[uae] Re: Some Progress With the Cocoa GUI

  • From: "Axel Dörfler" <axeld@xxxxxxxxxxxxxxxx>
  • To: uae@xxxxxxxxxxxxx
  • Date: Sat, 16 Apr 2005 15:56:00 +0200 CEST

Hi Richard,

Richard Drummond <evilrich@xxxxxxxxxxxxxx> wrote:
> On Friday 15 April 2005 08:49 pm, Axel Dörfler wrote:
> > That sounds interesting. How are you going to do this?
> Well, I'm really looking at other timer APIs and even trying to guage 
> whether 
> using a plain old gettimeofday() has much of an in impact on 
> performance on 
> the various host platforms.

I would guess it's pretty low overhead on most platforms, at least it 
would be worth a try.

> OS X is easy to improve, though. The Mach kernel provides functions 
> to get the 
> PPC timebase counter and query its tick rate (thus no calibration is 
> required 
> and Mach's calibration should be more accurate anyway). I don't know 
> if 
> frequency scaling has an effect on the timebase register, however 
> (since 
> AFAIK it's not directly tied to CPU frequency, it might not).

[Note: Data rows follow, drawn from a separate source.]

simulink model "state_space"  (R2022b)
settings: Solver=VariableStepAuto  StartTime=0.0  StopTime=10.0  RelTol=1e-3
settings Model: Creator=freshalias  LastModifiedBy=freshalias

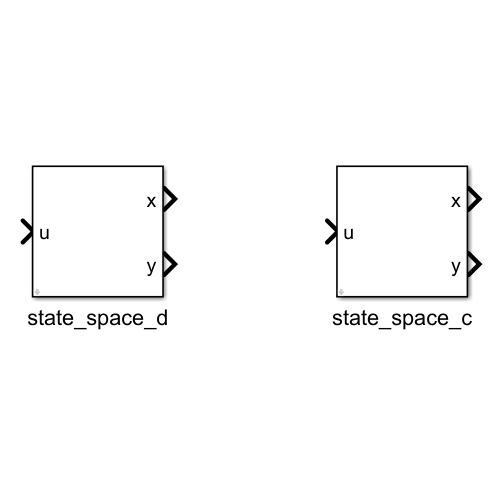
[thumbnail: Simulink's stored preview of the top-level diagram]
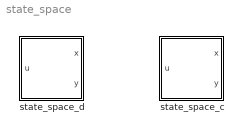
== system state_space ==
  state_space_c : Subsystem  mask{Ac=0, Bc=0, Cc=0, Dc=0, x_0=0}
      mask DialogControl ParameterGroupVar Prompt: 参数
  state_space_d : Subsystem  mask{Ad=0, Bd=0, Cd=0, Dd=0, x_0=0, u_0=0}
      mask DialogControl ParameterGroupVar Prompt: 参数

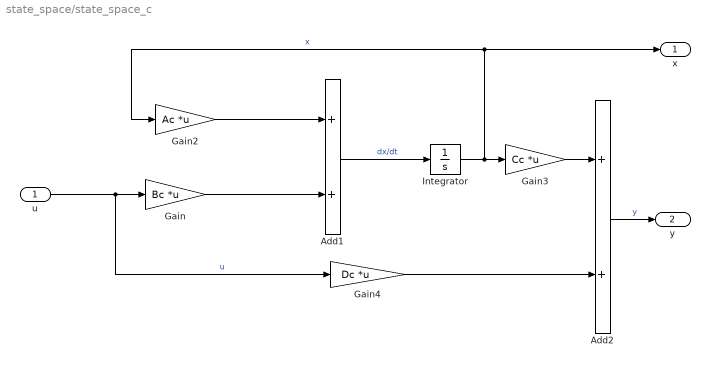
== system state_space/state_space_c ==
  u : Inport
  Add1 : Sum
  Add2 : Sum
  Gain : Gain  Gain=Bc  Multiplication=Matrix(K*u)
  Gain2 : Gain  Gain=Ac  Multiplication=Matrix(K*u)
  Gain3 : Gain  Gain=Cc  Multiplication=Matrix(K*u)
  Gain4 : Gain  Gain=Dc  Multiplication=Matrix(K*u)
  Integrator : Integrator  InitialCondition=x_0
  x : Outport
  y : Outport  Port=2
  wires:
  Gain2/1 -> Add1/1
  Gain/1 -> Add1/2
  Add1/1 -> Integrator/1  "dx/dt"
  Integrator/1 -> Gain3/1, Gain2/1, x/1  "x"
  u/1 -> Gain/1, Gain4/1  "u"
  Gain3/1 -> Add2/1
  Gain4/1 -> Add2/2
  Add2/1 -> y/1  "y"

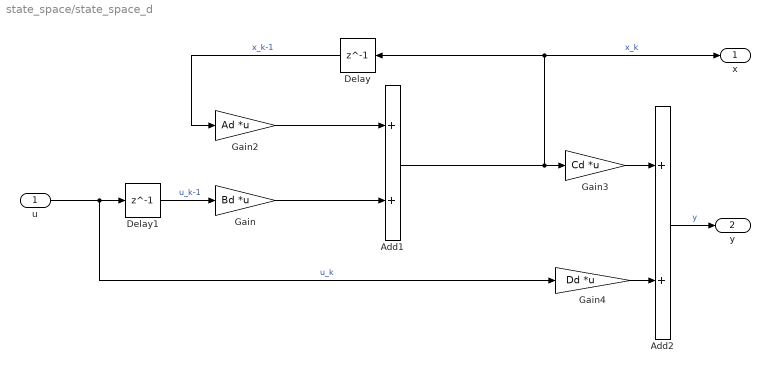
== system state_space/state_space_d ==
  u : Inport
  Add1 : Sum
  Add2 : Sum
  Delay : Delay  DelayLength=1  InitialCondition=x_0
  Delay1 : Delay  DelayLength=1  InitialCondition=u_0
  Gain : Gain  Gain=Bd  Multiplication=Matrix(K*u)
  Gain2 : Gain  Gain=Ad  Multiplication=Matrix(K*u)
  Gain3 : Gain  Gain=Cd  Multiplication=Matrix(K*u)
  Gain4 : Gain  Gain=Dd  Multiplication=Matrix(K*u)
  x : Outport
  y : Outport  Port=2
  wires:
  Gain2/1 -> Add1/1
  Gain/1 -> Add1/2
  Add1/1 -> Gain3/1, Delay/1, x/1  "x_k"
  Gain3/1 -> Add2/1
  Gain4/1 -> Add2/2
  Add2/1 -> y/1  "y"
  u/1 -> Gain4/1, Delay1/1  "u_k"
  Delay1/1 -> Gain/1  "u_k-1"
  Delay/1 -> Gain2/1  "x_k-1"

I'm pretty sure it's not tied to the CPU frequency, so it should be a 
good candidate.

> > Under BeOS, BTW you can easily read out the frequency of CPU, but 
> > that
> > would probably help you only if you knew how fast the CPU in 
> > question
> > is, right?
> How accurate is the frequency read-out - that is, is it actually 
> measured by 
> BeOS? If it is accurate then that should be enough, since (AFAIK) the 
> TSC 
> frequency is always the same as the clock frequency (knowing the CPU 
> type 
> might help to determine the situations where it's not).

It's measured by BeOS on startup; BeOS depends its timing on the TSC 
itself (that's why it has numerous problems on CPUs that change their 
frequency). So it's as exact as BeOS' timing.

> > At least, one could remember the CPU model, and its speed, so that 
> > you
> > would only need to recalibrate if the model has changed.
> True.
> 
> I'd actually like to find other high-resolution/low-overhead timers 
> on x86 
> platforms because of the problem that frequency-scaling has on the 
> TSC. This 
> means finding appropriate OS-specific high-resolution timer APIs.

There is probably just not that much choice in userland.

> Linux is a bit of a pain. Unfortunately I would suspect that very few 
> people 
> have a kernel built with high-resolution timer suppport. ;-)

Probably not :-)

> > (And some day, I promise, I will do the GUI integration :-))
> That's okay. I haven't had as much spare time as would like at the 
> moment, 
> either. ;-)

It's a pity :-)

Bye,
   Axel.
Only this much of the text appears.